As you would expect, weather can have an effect on this problem. If the plant environment is very hot and humid, the pellets can actually come off the line at a temperature below the dew-point in the plant in which case, it is guaranteed that you will have condensation. This is similar to how a cold glass of water will sweat on a humid day. Click here for a primer on dew-points. This is a difficult problem to solve as air conditioning your plant may not be feasible. You might consider using fans to increase the air flow in the plant which may help to reduce the humidity. You may also need to increase processing and process water temperatures during periods of hot and humid weather. The other option is to heat the pellets up a little bit in a dryer before boxing the material off. The material does not need to be hot, just above the dew point.
Even after all of the previous issues have been salved, you can still have moisture issues if you seal the material up in boxes too quickly. The best practice is to leave the liners open on the boxes of polypropylene for at least 8 hours after pelletizing as an insurance policy. This can take up a bit of floor space but the hot pellets sitting in open boxes will burn off any bit of moisture that is still present. If you have to ship material in an emergency, liners should be tucked around the sides of the box and then the lid put on. Moisture can escape through the cardboard. You can also buy perforated liners which will help any residual moisture escape.
If you find that you are getting moisture at the bottom of the box or in the middle of the box, this is probably because the moisture was trapped by a closed liner and slowly drained to the bottom. You will never get this moisture out by leaving the boxes open. The material will have to be put into a dryer.
If you get material in that has visible condensation under the liners, the best thing to do is to pop the lids off as soon as possible, open up the liners and put the boxes under a radiant heater or better yet, outside on a sunny or windy day. The moisture will burn off in a few hours. For really wet material, I have set up an empty Gaylord next to the wet box that is sitting in the sun and, throughout the day, bucketed the top layer from the wet box into the empty box. It will take some time, but you can dry whole boxes this way in a pinch. You can sell this sun-dried material at a premium like sun dried tomatoes if you want (don’t try that unless the customer has a good sense of humor).

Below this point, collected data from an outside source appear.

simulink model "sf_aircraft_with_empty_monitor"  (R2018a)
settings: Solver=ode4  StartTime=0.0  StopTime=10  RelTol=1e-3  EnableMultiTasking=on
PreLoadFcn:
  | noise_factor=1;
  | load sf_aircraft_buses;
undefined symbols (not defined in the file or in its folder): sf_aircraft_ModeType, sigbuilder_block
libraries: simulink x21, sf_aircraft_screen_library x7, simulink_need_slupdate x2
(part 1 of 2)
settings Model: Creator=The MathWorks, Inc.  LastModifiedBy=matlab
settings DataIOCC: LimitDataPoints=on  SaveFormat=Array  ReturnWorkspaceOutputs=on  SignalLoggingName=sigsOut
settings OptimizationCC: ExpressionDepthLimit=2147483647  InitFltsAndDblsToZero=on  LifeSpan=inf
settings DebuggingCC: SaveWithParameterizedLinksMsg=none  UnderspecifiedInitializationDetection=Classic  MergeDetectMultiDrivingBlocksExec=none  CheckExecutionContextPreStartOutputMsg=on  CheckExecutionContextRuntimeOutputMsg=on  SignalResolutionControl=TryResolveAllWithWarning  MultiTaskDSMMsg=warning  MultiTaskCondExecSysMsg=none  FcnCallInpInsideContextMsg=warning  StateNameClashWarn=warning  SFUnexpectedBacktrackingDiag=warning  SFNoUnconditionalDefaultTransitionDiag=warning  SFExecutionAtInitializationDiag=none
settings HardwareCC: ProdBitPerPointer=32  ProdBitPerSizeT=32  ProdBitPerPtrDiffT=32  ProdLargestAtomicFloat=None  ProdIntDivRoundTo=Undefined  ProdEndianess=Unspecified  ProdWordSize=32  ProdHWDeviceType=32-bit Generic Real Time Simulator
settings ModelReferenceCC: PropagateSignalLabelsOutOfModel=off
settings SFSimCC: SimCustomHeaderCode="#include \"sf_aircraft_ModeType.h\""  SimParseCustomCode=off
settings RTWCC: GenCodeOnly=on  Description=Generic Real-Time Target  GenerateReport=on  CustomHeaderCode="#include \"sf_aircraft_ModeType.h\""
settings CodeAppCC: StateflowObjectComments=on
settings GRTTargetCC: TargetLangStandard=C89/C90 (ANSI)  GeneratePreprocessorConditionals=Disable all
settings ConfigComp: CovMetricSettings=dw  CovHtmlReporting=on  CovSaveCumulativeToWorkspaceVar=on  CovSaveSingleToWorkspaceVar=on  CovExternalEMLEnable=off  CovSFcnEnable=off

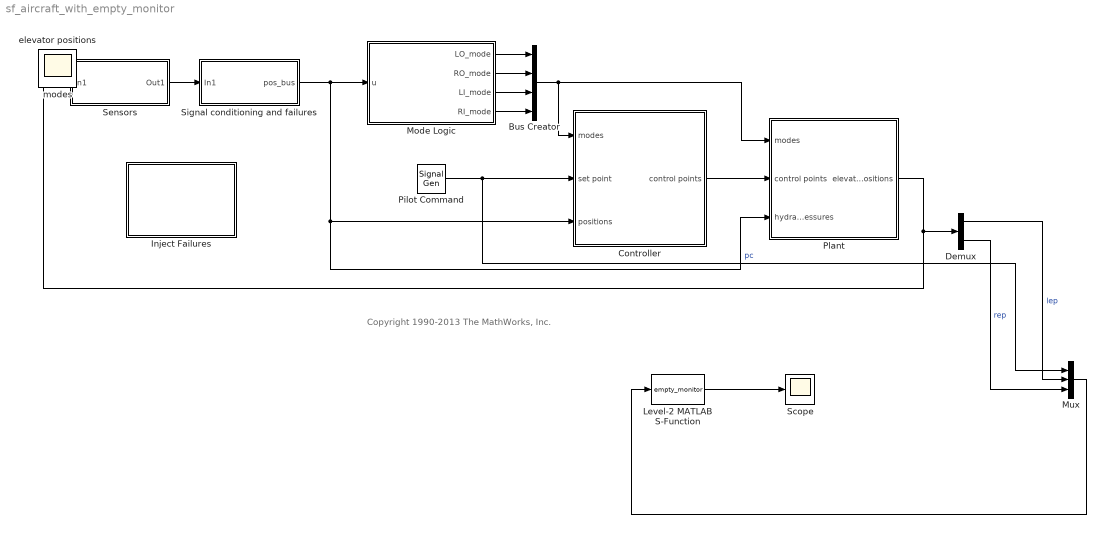
== system sf_aircraft_with_empty_monitor ==
  note: Copyright 1990-2013 The MathWorks, Inc.
  Bus Creator : BusCreator  Inputs=4
  Controller : Subsystem
  Demux : Demux  Outputs=2
  Inject Failures : Subsystem
      settings: OpenFcn=sf_aircraft_failures
      mask Display: disp('Inject Failures GUI')
  Level-2 MATLAB S-Function : M-S-Function  FunctionName=empty_monitor
  Mode Logic : Stateflow chart  TreatAsAtomicUnit=on
  Mux : Mux  Inputs=3
  Pilot Command : SignalGenerator  WaveForm=square  Frequency=0.2
  Plant : Subsystem
      mask Display: image('sf_aircraft_airplane.jpg')
  Scope : Scope
  Sensors : Subsystem
  "Signal conditioning and failures " : Subsystem
  elevator positions : Scope
  modes : Scope
  wires:
  "Signal conditioning and failures "/1(pos_bus) -> Controller/3(positions), Plant/3(hydraulic pressures), Mode Logic/1(u)
  Controller/1(control points) -> Plant/2(control points)
  Pilot Command/1 -> Mux/1, Controller/2(set point)  "pc"
  Sensors/1(Out1) -> "Signal conditioning and failures "/1(In1)
  Bus Creator/1 -> Plant/1(modes), Controller/1(modes)
  Mode Logic/1(" LO_mode") -> Bus Creator/1
  Mode Logic/2(" RO_mode") -> Bus Creator/2
  Mode Logic/3(" LI_mode") -> Bus Creator/3
  Mode Logic/4(" RI_mode") -> Bus Creator/4
  Plant/1(elevator positions) -> Demux/1, Sensors/1(In1)
  Demux/1 -> Mux/2  "lep"
  Demux/2 -> Mux/3  "rep"
  Mux/1 -> Level-2 MATLAB S-Function/1
  Level-2 MATLAB S-Function/1 -> Scope/1

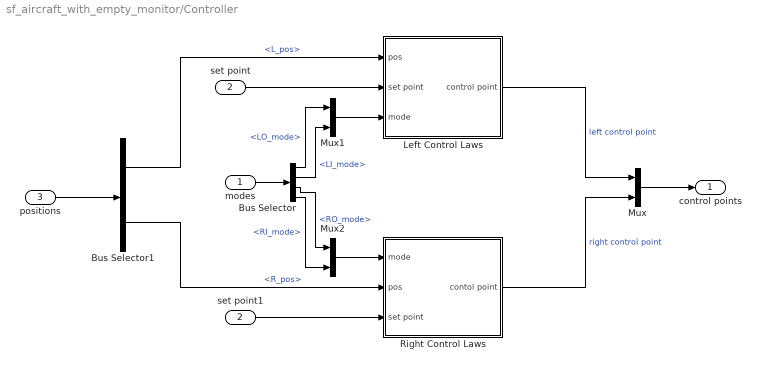
== system sf_aircraft_with_empty_monitor/Controller ==
  modes : Inport
  set point : Inport  Port=2  SampleTime=0.01
  positions : Inport  Port=3  SampleTime=0.01
  Bus Selector : BusSelector  OutputSignals=LO_mode,LI_mode,RO_mode,RI_mode
  Bus Selector1 : BusSelector  OutputSignals=L_pos,R_pos
  Left Control Laws : Subsystem
  Mux : Mux  Inputs=2
  Mux1 : Mux  Inputs=2
  Mux2 : Mux  Inputs=2
  Right Control Laws : Subsystem
  set point1 : InportShadow  Port=2  SampleTime=0.01
  control points : Outport
  wires:
  Mux/1 -> control points/1
  modes/1 -> Bus Selector/1
  Right Control Laws/1(contol point) -> Mux/2  "right control point"
  set point1/1 -> Right Control Laws/3(set point)
  Left Control Laws/1(control point) -> Mux/1  "left control point"
  set point/1 -> Left Control Laws/2(set point)
  Bus Selector/4 -> Mux2/2  "<RI_mode>"
  Bus Selector/3 -> Mux2/1  "<RO_mode>"
  Bus Selector/1 -> Mux1/1  "<LO_mode>"
  Bus Selector/2 -> Mux1/2  "<LI_mode>"
  Mux1/1 -> Left Control Laws/3(mode)
  Mux2/1 -> Right Control Laws/1(mode)
  positions/1 -> Bus Selector1/1
  Bus Selector1/1 -> Left Control Laws/1(pos)  "<L_pos>"
  Bus Selector1/2 -> Right Control Laws/2(pos)  "<R_pos>"

== system sf_aircraft_with_empty_monitor/Inject Failures ==

== system sf_aircraft_with_empty_monitor/Plant ==
  modes : Inport
  control points : Inport  Port=2  SampleTime=0.01
  hydraulic pressures : Inport  Port=3  SampleTime=0.01
  Actuators : Subsystem
  Left Elevator : Subsystem
  Mux : Mux  Inputs=2
  Mux1 : Mux  Inputs=2
  Right Elevator : Subsystem
  elevator positions : Outport
  wires:
  Mux1/1 -> elevator positions/1
  Right Elevator/2(elevator position) -> Mux1/2
  Left Elevator/1(elevator position) -> Mux1/1
  Mux/1 -> Actuators/4(piston velocity)
  Right Elevator/1(elevator velocity) -> Mux/2
  Left Elevator/2(elevator velocity) -> Mux/1
  modes/1 -> Actuators/3(modes)
  Actuators/2(Right piston force) -> Right Elevator/1(piston force)
  hydraulic pressures/1 -> Actuators/2(hydraulic pressure)
  control points/1 -> Actuators/1(control point)
  Actuators/1(Left piston force) -> Left Elevator/1(piston force)

== system sf_aircraft_with_empty_monitor/Sensors ==
  In1 : Inport
  Demux : Demux  Outputs=2
  Measured Left Inner Actuator positions : Subsystem
  Measured Left Outer Actuator positions : Subsystem
  Measured Right Inner Actuator positions : Subsystem
  Measured Right Outer Actuator positions : Subsystem
  Mux : Mux
  Out1 : Outport
  wires:
  Demux/1 -> Measured Left Inner Actuator positions/1(In1), Measured Left Outer Actuator positions/1(In1)
  Demux/2 -> Measured Right Inner Actuator positions/1(In1), Measured Right Outer Actuator positions/1(In1)
  Measured Left Outer Actuator positions/1(Out) -> Mux/1
  Measured Left Inner Actuator positions/1(Out) -> Mux/2
  Measured Right Inner Actuator positions/1(Out) -> Mux/3
  Measured Right Outer Actuator positions/1(Out) -> Mux/4
  In1/1 -> Demux/1
  Mux/1 -> Out1/1

== system sf_aircraft_with_empty_monitor/Signal conditioning and failures  ==
  note: These could be 2/4 separate processors, and typically are not residing on the PFCUs
  In1 : Inport
  Actuator Positions : Subsystem
  Bus Creator1 : BusCreator  Inputs=8  OutDataTypeStr=Bus: PositionBus  NonVirtualBus=on
  Demux : Demux
  Hydraulic Pressures : Subsystem
  pos_bus : Outport
  wires:
  Bus Creator1/1 -> pos_bus/1
  Actuator Positions/2(L_pos_fail) -> Bus Creator1/2  "L_pos_fail"
  Actuator Positions/3(R_pos) -> Bus Creator1/3  "R_pos"
  Actuator Positions/4(R_pos_fail) -> Bus Creator1/4  "R_pos_fail"
  In1/1 -> Demux/1
  Demux/1 -> Actuator Positions/1(Left Outer)
  Demux/2 -> Actuator Positions/2(Left Inner)
  Actuator Positions/1(L_pos) -> Bus Creator1/1  "L_pos"
  Demux/3 -> Actuator Positions/3(Right Inner)
  Demux/4 -> Actuator Positions/4(Right Outer)
  Hydraulic Pressures/1(H1_press) -> Bus Creator1/5  "H1_press"
  Hydraulic Pressures/2(H2_press) -> Bus Creator1/6  "H2_press"
  Hydraulic Pressures/3(H3_press) -> Bus Creator1/7  "H3_press"
  Hydraulic Pressures/4(low_press) -> Bus Creator1/8  "low_press"

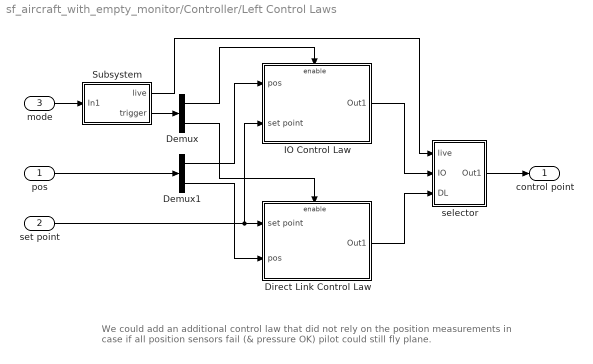
== system sf_aircraft_with_empty_monitor/Controller/Left Control Laws ==
  note: We could add an additional control law that did not rely on the position measurements
      | in case if all position sensors fail (& pressure OK) pilot could still fly plane.
  pos : Inport
  set point : Inport  Port=2  SampleTime=0.01
  mode : Inport  Port=3
  Demux : Demux  Outputs=2
  Demux1 : Demux  Outputs=2
  Direct Link Control Law : Subsystem
  IO Control Law : Subsystem
  Subsystem : Subsystem
  selector : Subsystem
  control point : Outport
  wires:
  Subsystem/1(live) -> selector/1(live)
  set point/1 -> IO Control Law/2(set point), Direct Link Control Law/1(set point)
  pos/1 -> Demux1/1
  selector/1(Out1) -> control point/1
  Direct Link Control Law/1(Out1) -> selector/3(DL)
  IO Control Law/1(Out1) -> selector/2(IO)
  Demux/2 -> Direct Link Control Law/Enable
  Demux/1 -> IO Control Law/Enable
  Subsystem/2(trigger) -> Demux/1
  mode/1 -> Subsystem/1(In1)
  Demux1/1 -> IO Control Law/1(pos)
  Demux1/2 -> Direct Link Control Law/2(pos)

== system sf_aircraft_with_empty_monitor/Controller/Right Control Laws ==
  note: We could add an additional control law that did not have to rely on the position measurements
      | in case if all position sensors fail (& pressure OK) pilot could still fly plane.
  mode : Inport
  pos : Inport  Port=2
  set point : Inport  Port=3  SampleTime=0.01
  Demux : Demux  Outputs=2
  Demux1 : Demux  Outputs=2
  Direct Link Control Law : Subsystem
  IO Control Law : Subsystem
  Subsystem : Subsystem
  selector : Subsystem
  contol point : Outport
  wires:
  selector/1(Out1) -> contol point/1
  Subsystem/1(live) -> selector/1(live)
  Demux1/1 -> IO Control Law/1(pos)
  Demux1/2 -> Direct Link Control Law/2(pos)
  set point/1 -> IO Control Law/2(set point), Direct Link Control Law/1(set point)
  pos/1 -> Demux1/1
  Direct Link Control Law/1(Out1) -> selector/3(DL)
  IO Control Law/1(Out1) -> selector/2(IO)
  Demux/2 -> Direct Link Control Law/Enable
  Demux/1 -> IO Control Law/Enable
  Subsystem/2(trigger) -> Demux/1
  mode/1 -> Subsystem/1(In1)

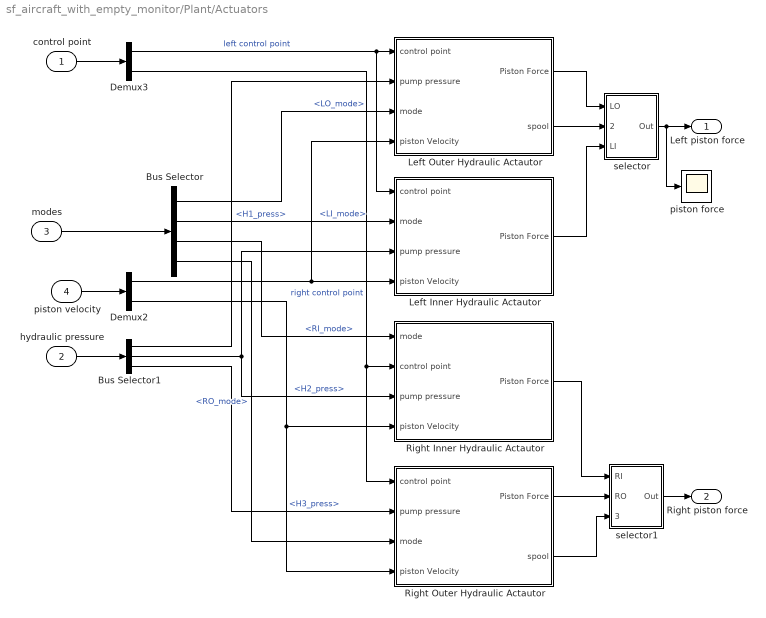
== system sf_aircraft_with_empty_monitor/Plant/Actuators ==
  control point : Inport
  hydraulic pressure : Inport  Port=2
  modes : Inport  Port=3
  piston velocity : Inport  Port=4
  Bus Selector : BusSelector  OutputSignals=LO_mode,LI_mode,RI_mode,RO_mode
  Bus Selector1 : BusSelector  OutputSignals=H1_press,H2_press,H3_press
  Demux2 : Demux  Outputs=2
  Demux3 : Demux  Outputs=2
  Left Inner Hydraulic Actautor : Subsystem
  Left Outer Hydraulic Actautor : Subsystem
  Right Inner Hydraulic Actautor : Subsystem
  Right Outer Hydraulic Actautor : Subsystem
  piston force : Scope
  selector : Subsystem
  selector1 : Subsystem
  Left piston force : Outport
  Right piston force : Outport  Port=2
  wires:
  Right Outer Hydraulic Actautor/2(spool) -> selector1/3(spool)
  Left Outer Hydraulic Actautor/2(spool) -> selector/2(spool)
  Demux3/2 -> Right Outer Hydraulic Actautor/1(control point), Right Inner Hydraulic Actautor/2(control point)  "right control point"
  control point/1 -> Demux3/1
  piston velocity/1 -> Demux2/1
  Demux2/2 -> Right Outer Hydraulic Actautor/4(piston Velocity), Right Inner Hydraulic Actautor/4(piston Velocity)
  modes/1 -> Bus Selector/1
  Bus Selector1/3 -> Right Outer Hydraulic Actautor/2(pump pressure)  "<H3_press>"
  Bus Selector1/2 -> Right Inner Hydraulic Actautor/3(pump pressure), Left Inner Hydraulic Actautor/3(pump pressure)  "<H2_press>"
  selector1/1(Out) -> Right piston force/1
  selector/1(Out) -> Left piston force/1, piston force/1
  Left Inner Hydraulic Actautor/1(Piston Force) -> selector/3(LI)
  Left Outer Hydraulic Actautor/1(Piston Force) -> selector/1(LO)
  Right Outer Hydraulic Actautor/1(Piston Force) -> selector1/2(RO)
  Right Inner Hydraulic Actautor/1(Piston Force) -> selector1/1(RI)
  Demux2/1 -> Left Outer Hydraulic Actautor/4(piston Velocity), Left Inner Hydraulic Actautor/4(piston Velocity)
  Demux3/1 -> Left Inner Hydraulic Actautor/1(control point), Left Outer Hydraulic Actautor/1(control point)  "left control point"
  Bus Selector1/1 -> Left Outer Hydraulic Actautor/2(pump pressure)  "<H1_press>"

Unfortunately, there is no one cause or solution to this problem and this is the reason why so many compounders experience it. I have been in the distribution business for over 30 years now and this problem creeps up over and over again from small and large compounders alike.
I would love to hear from anyone in the compounding business that has any tips on how to get rid of this problem because I am sure that I have not covered all of the causes and solutions here.
2 thoughts on “Condensation and Polypropylene”
Is Glass filled polypropylene resistant to slightly acidic condensation?
I would not expect acids to bother PP.